REQUIREMENT: Take the entries below and print, exactly, the stretch from the line containing "#101=DIRECTION('',(0.,-1.,0.));" through the line containing "#119=FACE_BOUND('',#118,.T.);", both included.

··· INPUT DATA

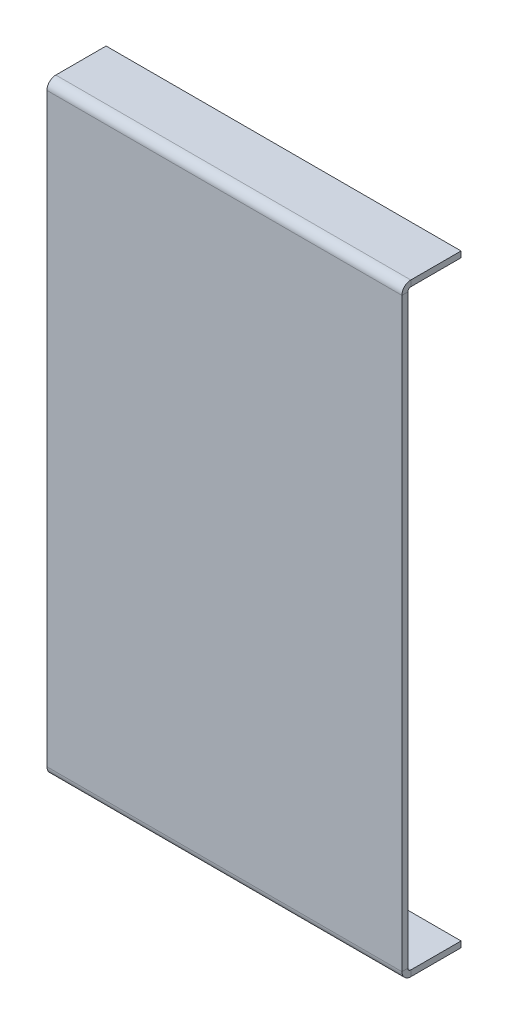
ISO-10303-21;
HEADER;
FILE_DESCRIPTION(('STEP AP214'),'2;1');
FILE_NAME('part.step','',(''),(''),'','','');
FILE_SCHEMA(('AUTOMOTIVE_DESIGN { 1 0 10303 214 1 1 1 1 }'));
ENDSEC;
DATA;
#1=APPLICATION_CONTEXT('core data for automotive mechanical design processes');
#2=APPLICATION_PROTOCOL_DEFINITION('international standard','automotive_design',2000,#1);
#3=PRODUCT_CONTEXT('',#1,'mechanical');
#4=PRODUCT('Part','Part','',(#3));
#5=PRODUCT_RELATED_PRODUCT_CATEGORY('part','',(#4));
#6=PRODUCT_DEFINITION_FORMATION('','',#4);
#7=PRODUCT_DEFINITION_CONTEXT('part definition',#1,'design');
#8=PRODUCT_DEFINITION('design','',#6,#7);
#9=PRODUCT_DEFINITION_SHAPE('','',#8);
#10=(LENGTH_UNIT() NAMED_UNIT(*) SI_UNIT(.MILLI.,.METRE.));
#11=(NAMED_UNIT(*) PLANE_ANGLE_UNIT() SI_UNIT($,.RADIAN.));
#12=(NAMED_UNIT(*) SI_UNIT($,.STERADIAN.) SOLID_ANGLE_UNIT());
#13=UNCERTAINTY_MEASURE_WITH_UNIT(LENGTH_MEASURE(1.E-05),#10,'distance_accuracy_value','');
#14=(GEOMETRIC_REPRESENTATION_CONTEXT(3) GLOBAL_UNCERTAINTY_ASSIGNED_CONTEXT((#13)) GLOBAL_UNIT_ASSIGNED_CONTEXT((#10,
#11,#12)) REPRESENTATION_CONTEXT('',''));
#15=CARTESIAN_POINT('',(0.,0.,0.));
#16=DIRECTION('',(0.,0.,1.));
#17=DIRECTION('',(1.,0.,0.));
#18=AXIS2_PLACEMENT_3D('',#15,#16,#17);
#19=CARTESIAN_POINT('',(0.,0.,-2.));
#20=DIRECTION('',(0.,0.,1.));
#21=DIRECTION('',(1.,0.,0.));
#22=AXIS2_PLACEMENT_3D('',#19,#20,#21);
#23=PLANE('',#22);
#24=DIRECTION('',(-1.,0.,0.));
#25=VECTOR('',#24,1.);
#26=CARTESIAN_POINT('',(-60.,-99.,-2.00000000000001));
#27=LINE('',#26,#25);
#28=CARTESIAN_POINT('',(-60.,-99.,-2.00000000000001));
#29=VERTEX_POINT('',#28);
#30=CARTESIAN_POINT('',(60.,-99.,-2.00000000000001));
#31=VERTEX_POINT('',#30);
#32=EDGE_CURVE('E224',#29,#31,#27,.F.);
#33=ORIENTED_EDGE('',*,*,#32,.F.);
#34=DIRECTION('',(0.,-1.,0.));
#35=VECTOR('',#34,1.);
#36=CARTESIAN_POINT('',(-60.,102.,-2.));
#37=LINE('',#36,#35);
#38=CARTESIAN_POINT('',(-60.,99.,-2.00000000000001));
#39=VERTEX_POINT('',#38);
#40=EDGE_CURVE('E13',#39,#29,#37,.T.);
#41=ORIENTED_EDGE('',*,*,#40,.F.);
#42=DIRECTION('',(1.,0.,0.));
#43=VECTOR('',#42,1.);
#44=CARTESIAN_POINT('',(60.,99.,-2.00000000000001));
#45=LINE('',#44,#43);
#46=CARTESIAN_POINT('',(60.,99.,-2.00000000000001));
#47=VERTEX_POINT('',#46);
#48=EDGE_CURVE('E276',#47,#39,#45,.F.);
#49=ORIENTED_EDGE('',*,*,#48,.F.);
#50=DIRECTION('',(0.,1.,0.));
#51=VECTOR('',#50,1.);
#52=CARTESIAN_POINT('',(60.,102.,-2.));
#53=LINE('',#52,#51);
#54=EDGE_CURVE('E87',#31,#47,#53,.T.);
#55=ORIENTED_EDGE('',*,*,#54,.F.);
#56=EDGE_LOOP('',(#33,#41,#49,#55));
#57=FACE_BOUND('',#56,.T.);
#58=ADVANCED_FACE('F78',(#57),#23,.F.);
#59=CARTESIAN_POINT('',(0.,0.,0.));
#60=DIRECTION('',(0.,0.,1.));
#61=DIRECTION('',(1.,0.,0.));
#62=AXIS2_PLACEMENT_3D('',#59,#60,#61);
#63=PLANE('',#62);
#64=DIRECTION('',(0.,-1.,0.));
#65=VECTOR('',#64,1.);
#66=CARTESIAN_POINT('',(-60.,102.,0.));
#67=LINE('',#66,#65);
#68=CARTESIAN_POINT('',(-60.,99.,0.));
#69=VERTEX_POINT('',#68);
#70=CARTESIAN_POINT('',(-60.,-99.,0.));
#71=VERTEX_POINT('',#70);
#72=EDGE_CURVE('E82',#69,#71,#67,.T.);
#73=ORIENTED_EDGE('',*,*,#72,.T.);
#74=DIRECTION('',(-1.,0.,0.));
#75=VECTOR('',#74,1.);
#76=CARTESIAN_POINT('',(-60.,-99.,0.));
#77=LINE('',#76,#75);
#78=CARTESIAN_POINT('',(60.,-99.,0.));
#79=VERTEX_POINT('',#78);
#80=EDGE_CURVE('E213',#71,#79,#77,.F.);
#81=ORIENTED_EDGE('',*,*,#80,.T.);
#82=DIRECTION('',(0.,1.,0.));
#83=VECTOR('',#82,1.);
#84=CARTESIAN_POINT('',(60.,102.,0.));
#85=LINE('',#84,#83);
#86=CARTESIAN_POINT('',(60.,99.,0.));
#87=VERTEX_POINT('',#86);
#88=EDGE_CURVE('E282',#79,#87,#85,.T.);
#89=ORIENTED_EDGE('',*,*,#88,.T.);
#90=DIRECTION('',(1.,0.,0.));
#91=VECTOR('',#90,1.);
#92=CARTESIAN_POINT('',(60.,99.,0.));
#93=LINE('',#92,#91);
#94=EDGE_CURVE('E265',#87,#69,#93,.F.);
#95=ORIENTED_EDGE('',*,*,#94,.T.);
#96=EDGE_LOOP('',(#73,#81,#89,#95));
#97=FACE_BOUND('',#96,.T.);
#98=ADVANCED_FACE('F291',(#97),#63,.T.);
#99=CARTESIAN_POINT('',(-60.,102.,-2.));
#100=DIRECTION('',(-1.,0.,0.));
#101=DIRECTION('',(0.,-1.,0.));
#102=AXIS2_PLACEMENT_3D('',#99,#100,#101);
#103=PLANE('',#102);
#104=ORIENTED_EDGE('',*,*,#40,.T.);
#105=DIRECTION('',(0.,0.,1.));
#106=VECTOR('',#105,1.);
#107=CARTESIAN_POINT('',(-60.,-99.,-2.00000000000001));
#108=LINE('',#107,#106);
#109=EDGE_CURVE('E218',#29,#71,#108,.T.);
#110=ORIENTED_EDGE('',*,*,#109,.T.);
#111=ORIENTED_EDGE('',*,*,#72,.F.);
#112=DIRECTION('',(0.,0.,1.));
#113=VECTOR('',#112,1.);
#114=CARTESIAN_POINT('',(-60.,99.,-2.00000000000001));
#115=LINE('',#114,#113);
#116=EDGE_CURVE('E280',#39,#69,#115,.T.);
#117=ORIENTED_EDGE('',*,*,#116,.F.);
#118=EDGE_LOOP('',(#104,#110,#111,#117));
#119=FACE_BOUND('',#118,.T.);
#120=ADVANCED_FACE('F294',(#119),#103,.T.);
#121=CARTESIAN_POINT('',(60.,102.,-2.));
#122=DIRECTION('',(1.,0.,0.));
#123=DIRECTION('',(0.,1.,0.));
#124=AXIS2_PLACEMENT_3D('',#121,#122,#123);
#125=PLANE('',#124);
#126=DIRECTION('',(0.,0.,1.));
#127=VECTOR('',#126,1.);
#128=CARTESIAN_POINT('',(60.,-99.,-2.00000000000001));
#129=LINE('',#128,#127);
#130=EDGE_CURVE('E228',#31,#79,#129,.T.);
#131=ORIENTED_EDGE('',*,*,#130,.F.);
#132=ORIENTED_EDGE('',*,*,#54,.T.);
#133=DIRECTION('',(0.,0.,1.));
#134=VECTOR('',#133,1.);
#135=CARTESIAN_POINT('',(60.,99.,-2.00000000000001));
#136=LINE('',#135,#134);
#137=EDGE_CURVE('E270',#47,#87,#136,.T.);
#138=ORIENTED_EDGE('',*,*,#137,.T.);
#139=ORIENTED_EDGE('',*,*,#88,.F.);
#140=EDGE_LOOP('',(#131,#132,#138,#139));
#141=FACE_BOUND('',#140,.T.);
#142=ADVANCED_FACE('F80',(#141),#125,.T.);
#143=CARTESIAN_POINT('',(-60.,99.,-3.00000000000001));
#144=DIRECTION('',(-1.,0.,0.));
#145=DIRECTION('',(0.,0.,1.));
#146=AXIS2_PLACEMENT_3D('',#143,#144,#145);
#147=PLANE('',#146);
#148=DIRECTION('',(0.,1.,0.));
#149=VECTOR('',#148,1.);
#150=CARTESIAN_POINT('',(-60.,102.,-3.));
#151=LINE('',#150,#149);
#152=CARTESIAN_POINT('',(-60.,100.,-3.));
#153=VERTEX_POINT('',#152);
#154=CARTESIAN_POINT('',(-60.,102.,-2.99999999999999));
#155=VERTEX_POINT('',#154);
#156=EDGE_CURVE('E230',#153,#155,#151,.T.);
#157=ORIENTED_EDGE('',*,*,#156,.F.);
#158=CARTESIAN_POINT('',(-60.,99.,-3.00000000000001));
#159=DIRECTION('',(1.,0.,0.));
#160=DIRECTION('',(0.,0.,-1.));
#161=AXIS2_PLACEMENT_3D('',#158,#159,#160);
#162=CIRCLE('',#161,1.);
#163=EDGE_CURVE('E273',#39,#153,#162,.F.);
#164=ORIENTED_EDGE('',*,*,#163,.F.);
#165=ORIENTED_EDGE('',*,*,#116,.T.);
#166=CARTESIAN_POINT('',(-60.,99.,-3.00000000000001));
#167=DIRECTION('',(1.,0.,0.));
#168=DIRECTION('',(0.,0.,-1.));
#169=AXIS2_PLACEMENT_3D('',#166,#167,#168);
#170=CIRCLE('',#169,3.);
#171=EDGE_CURVE('E95',#69,#155,#170,.F.);
#172=ORIENTED_EDGE('',*,*,#171,.T.);
#173=EDGE_LOOP('',(#157,#164,#165,#172));
#174=FACE_BOUND('',#173,.T.);
#175=ADVANCED_FACE('F340',(#174),#147,.T.);
#176=CARTESIAN_POINT('',(60.,99.,-3.00000000000001));
#177=DIRECTION('',(-1.,0.,0.));
#178=DIRECTION('',(0.,0.,1.));
#179=AXIS2_PLACEMENT_3D('',#176,#177,#178);
#180=PLANE('',#179);
#181=CARTESIAN_POINT('',(60.,99.,-3.00000000000001));
#182=DIRECTION('',(1.,0.,0.));
#183=DIRECTION('',(0.,0.,-1.));
#184=AXIS2_PLACEMENT_3D('',#181,#182,#183);
#185=CIRCLE('',#184,1.);
#186=CARTESIAN_POINT('',(60.,100.,-3.));
#187=VERTEX_POINT('',#186);
#188=EDGE_CURVE('E235',#187,#47,#185,.T.);
#189=ORIENTED_EDGE('',*,*,#188,.F.);
#190=DIRECTION('',(0.,1.,0.));
#191=VECTOR('',#190,1.);
#192=CARTESIAN_POINT('',(60.,100.,-3.));
#193=LINE('',#192,#191);
#194=CARTESIAN_POINT('',(60.,102.,-2.99999999999999));
#195=VERTEX_POINT('',#194);
#196=EDGE_CURVE('E258',#187,#195,#193,.T.);
#197=ORIENTED_EDGE('',*,*,#196,.T.);
#198=CARTESIAN_POINT('',(60.,99.,-3.00000000000001));
#199=DIRECTION('',(1.,0.,0.));
#200=DIRECTION('',(0.,0.,-1.));
#201=AXIS2_PLACEMENT_3D('',#198,#199,#200);
#202=CIRCLE('',#201,3.);
#203=EDGE_CURVE('E268',#195,#87,#202,.T.);
#204=ORIENTED_EDGE('',*,*,#203,.T.);
#205=ORIENTED_EDGE('',*,*,#137,.F.);
#206=EDGE_LOOP('',(#189,#197,#204,#205));
#207=FACE_BOUND('',#206,.T.);
#208=ADVANCED_FACE('F334',(#207),#180,.F.);
#209=CARTESIAN_POINT('',(60.,99.,-3.00000000000001));
#210=DIRECTION('',(1.,0.,0.));
#211=DIRECTION('',(0.,1.,0.));
#212=AXIS2_PLACEMENT_3D('',#209,#210,#211);
#213=CYLINDRICAL_SURFACE('',#212,3.);
#214=ORIENTED_EDGE('',*,*,#94,.F.);
#215=ORIENTED_EDGE('',*,*,#203,.F.);
#216=DIRECTION('',(1.,0.,0.));
#217=VECTOR('',#216,1.);
#218=CARTESIAN_POINT('',(0.,102.,-2.99999999999999));
#219=LINE('',#218,#217);
#220=EDGE_CURVE('E255',#155,#195,#219,.T.);
#221=ORIENTED_EDGE('',*,*,#220,.F.);
#222=ORIENTED_EDGE('',*,*,#171,.F.);
#223=EDGE_LOOP('',(#214,#215,#221,#222));
#224=FACE_BOUND('',#223,.T.);
#225=ADVANCED_FACE('F348',(#224),#213,.T.);
#226=CARTESIAN_POINT('',(60.,99.,-3.00000000000001));
#227=DIRECTION('',(1.,0.,0.));
#228=DIRECTION('',(0.,1.,0.));
#229=AXIS2_PLACEMENT_3D('',#226,#227,#228);
#230=CYLINDRICAL_SURFACE('',#229,1.);
#231=ORIENTED_EDGE('',*,*,#48,.T.);
#232=ORIENTED_EDGE('',*,*,#163,.T.);
#233=DIRECTION('',(-1.,0.,0.));
#234=VECTOR('',#233,1.);
#235=CARTESIAN_POINT('',(-60.,100.,-3.));
#236=LINE('',#235,#234);
#237=EDGE_CURVE('E261',#153,#187,#236,.F.);
#238=ORIENTED_EDGE('',*,*,#237,.T.);
#239=ORIENTED_EDGE('',*,*,#188,.T.);
#240=EDGE_LOOP('',(#231,#232,#238,#239));
#241=FACE_BOUND('',#240,.T.);
#242=ADVANCED_FACE('F351',(#241),#230,.F.);
#243=CARTESIAN_POINT('',(60.,102.,-1.99999999999999));
#244=DIRECTION('',(1.,0.,0.));
#245=DIRECTION('',(0.,0.,-1.));
#246=AXIS2_PLACEMENT_3D('',#243,#244,#245);
#247=PLANE('',#246);
#248=DIRECTION('',(0.,0.,1.));
#249=VECTOR('',#248,1.);
#250=CARTESIAN_POINT('',(60.,102.,-1.99999999999999));
#251=LINE('',#250,#249);
#252=CARTESIAN_POINT('',(60.,102.,-20.));
#253=VERTEX_POINT('',#252);
#254=EDGE_CURVE('E239',#253,#195,#251,.T.);
#255=ORIENTED_EDGE('',*,*,#254,.T.);
#256=ORIENTED_EDGE('',*,*,#196,.F.);
#257=DIRECTION('',(0.,0.,-1.));
#258=VECTOR('',#257,1.);
#259=CARTESIAN_POINT('',(60.,100.,4.62592926927148E-13));
#260=LINE('',#259,#258);
#261=CARTESIAN_POINT('',(60.,100.,-20.));
#262=VERTEX_POINT('',#261);
#263=EDGE_CURVE('E247',#262,#187,#260,.F.);
#264=ORIENTED_EDGE('',*,*,#263,.F.);
#265=DIRECTION('',(0.,-1.,0.));
#266=VECTOR('',#265,1.);
#267=CARTESIAN_POINT('',(60.,102.,-20.));
#268=LINE('',#267,#266);
#269=EDGE_CURVE('E233',#253,#262,#268,.T.);
#270=ORIENTED_EDGE('',*,*,#269,.F.);
#271=EDGE_LOOP('',(#255,#256,#264,#270));
#272=FACE_BOUND('',#271,.T.);
#273=ADVANCED_FACE('F354',(#272),#247,.T.);
#274=CARTESIAN_POINT('',(-60.,102.,-20.));
#275=DIRECTION('',(-1.,0.,0.));
#276=DIRECTION('',(0.,0.,1.));
#277=AXIS2_PLACEMENT_3D('',#274,#275,#276);
#278=PLANE('',#277);
#279=DIRECTION('',(0.,0.,1.));
#280=VECTOR('',#279,1.);
#281=CARTESIAN_POINT('',(-60.,100.,3.23815048849004E-13));
#282=LINE('',#281,#280);
#283=CARTESIAN_POINT('',(-60.,100.,-20.));
#284=VERTEX_POINT('',#283);
#285=EDGE_CURVE('E253',#153,#284,#282,.F.);
#286=ORIENTED_EDGE('',*,*,#285,.F.);
#287=ORIENTED_EDGE('',*,*,#156,.T.);
#288=DIRECTION('',(0.,0.,-1.));
#289=VECTOR('',#288,1.);
#290=CARTESIAN_POINT('',(-60.,102.,-20.));
#291=LINE('',#290,#289);
#292=CARTESIAN_POINT('',(-60.,102.,-20.));
#293=VERTEX_POINT('',#292);
#294=EDGE_CURVE('E245',#155,#293,#291,.T.);
#295=ORIENTED_EDGE('',*,*,#294,.T.);
#296=DIRECTION('',(0.,-1.,0.));
#297=VECTOR('',#296,1.);
#298=CARTESIAN_POINT('',(-60.,102.,-20.));
#299=LINE('',#298,#297);
#300=EDGE_CURVE('E236',#293,#284,#299,.T.);
#301=ORIENTED_EDGE('',*,*,#300,.T.);
#302=EDGE_LOOP('',(#286,#287,#295,#301));
#303=FACE_BOUND('',#302,.T.);
#304=ADVANCED_FACE('F358',(#303),#278,.T.);
#305=CARTESIAN_POINT('',(0.,102.,4.00186950565762E-13));
#306=DIRECTION('',(0.,1.,0.));
#307=DIRECTION('',(0.,0.,1.));
#308=AXIS2_PLACEMENT_3D('',#305,#306,#307);
#309=PLANE('',#308);
#310=ORIENTED_EDGE('',*,*,#294,.F.);
#311=ORIENTED_EDGE('',*,*,#220,.T.);
#312=ORIENTED_EDGE('',*,*,#254,.F.);
#313=DIRECTION('',(1.,0.,0.));
#314=VECTOR('',#313,1.);
#315=CARTESIAN_POINT('',(60.,102.,-20.));
#316=LINE('',#315,#314);
#317=EDGE_CURVE('E242',#293,#253,#316,.T.);
#318=ORIENTED_EDGE('',*,*,#317,.F.);
#319=EDGE_LOOP('',(#310,#311,#312,#318));
#320=FACE_BOUND('',#319,.T.);
#321=ADVANCED_FACE('F361',(#320),#309,.T.);
#322=CARTESIAN_POINT('',(0.,100.,3.93203987888076E-13));
#323=DIRECTION('',(0.,1.,0.));
#324=DIRECTION('',(0.,0.,1.));
#325=AXIS2_PLACEMENT_3D('',#322,#323,#324);
#326=PLANE('',#325);
#327=ORIENTED_EDGE('',*,*,#237,.F.);
#328=ORIENTED_EDGE('',*,*,#285,.T.);
#329=DIRECTION('',(-1.,0.,0.));
#330=VECTOR('',#329,1.);
#331=CARTESIAN_POINT('',(0.,100.,-20.));
#332=LINE('',#331,#330);
#333=EDGE_CURVE('E250',#284,#262,#332,.F.);
#334=ORIENTED_EDGE('',*,*,#333,.T.);
#335=ORIENTED_EDGE('',*,*,#263,.T.);
#336=EDGE_LOOP('',(#327,#328,#334,#335));
#337=FACE_BOUND('',#336,.T.);
#338=ADVANCED_FACE('F366',(#337),#326,.F.);
#339=CARTESIAN_POINT('',(60.,102.,-20.));
#340=DIRECTION('',(0.,0.,-1.));
#341=DIRECTION('',(0.,1.,0.));
#342=AXIS2_PLACEMENT_3D('',#339,#340,#341);
#343=PLANE('',#342);
#344=ORIENTED_EDGE('',*,*,#333,.F.);
#345=ORIENTED_EDGE('',*,*,#300,.F.);
#346=ORIENTED_EDGE('',*,*,#317,.T.);
#347=ORIENTED_EDGE('',*,*,#269,.T.);
#348=EDGE_LOOP('',(#344,#345,#346,#347));
#349=FACE_BOUND('',#348,.T.);
#350=ADVANCED_FACE('F363',(#349),#343,.T.);
#351=CARTESIAN_POINT('',(60.,-99.,-3.00000000000001));
#352=DIRECTION('',(1.,0.,0.));
#353=DIRECTION('',(0.,0.,-1.));
#354=AXIS2_PLACEMENT_3D('',#351,#352,#353);
#355=PLANE('',#354);
#356=DIRECTION('',(0.,-1.,0.));
#357=VECTOR('',#356,1.);
#358=CARTESIAN_POINT('',(60.,-102.,-2.99999999999999));
#359=LINE('',#358,#357);
#360=CARTESIAN_POINT('',(60.,-100.,-3.));
#361=VERTEX_POINT('',#360);
#362=CARTESIAN_POINT('',(60.,-102.,-2.99999999999999));
#363=VERTEX_POINT('',#362);
#364=EDGE_CURVE('E210',#361,#363,#359,.T.);
#365=ORIENTED_EDGE('',*,*,#364,.F.);
#366=CARTESIAN_POINT('',(60.,-99.,-3.00000000000001));
#367=DIRECTION('',(-1.,0.,0.));
#368=DIRECTION('',(0.,0.,1.));
#369=AXIS2_PLACEMENT_3D('',#366,#367,#368);
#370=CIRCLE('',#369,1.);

······

REPLY TO THE EXERCISE:
#101=DIRECTION('',(0.,-1.,0.));
#102=AXIS2_PLACEMENT_3D('',#99,#100,#101);
#103=PLANE('',#102);
#104=ORIENTED_EDGE('',*,*,#40,.T.);
#105=DIRECTION('',(0.,0.,1.));
#106=VECTOR('',#105,1.);
#107=CARTESIAN_POINT('',(-60.,-99.,-2.00000000000001));
#108=LINE('',#107,#106);
#109=EDGE_CURVE('E218',#29,#71,#108,.T.);
#110=ORIENTED_EDGE('',*,*,#109,.T.);
#111=ORIENTED_EDGE('',*,*,#72,.F.);
#112=DIRECTION('',(0.,0.,1.));
#113=VECTOR('',#112,1.);
#114=CARTESIAN_POINT('',(-60.,99.,-2.00000000000001));
#115=LINE('',#114,#113);
#116=EDGE_CURVE('E280',#39,#69,#115,.T.);
#117=ORIENTED_EDGE('',*,*,#116,.F.);
#118=EDGE_LOOP('',(#104,#110,#111,#117));
#119=FACE_BOUND('',#118,.T.);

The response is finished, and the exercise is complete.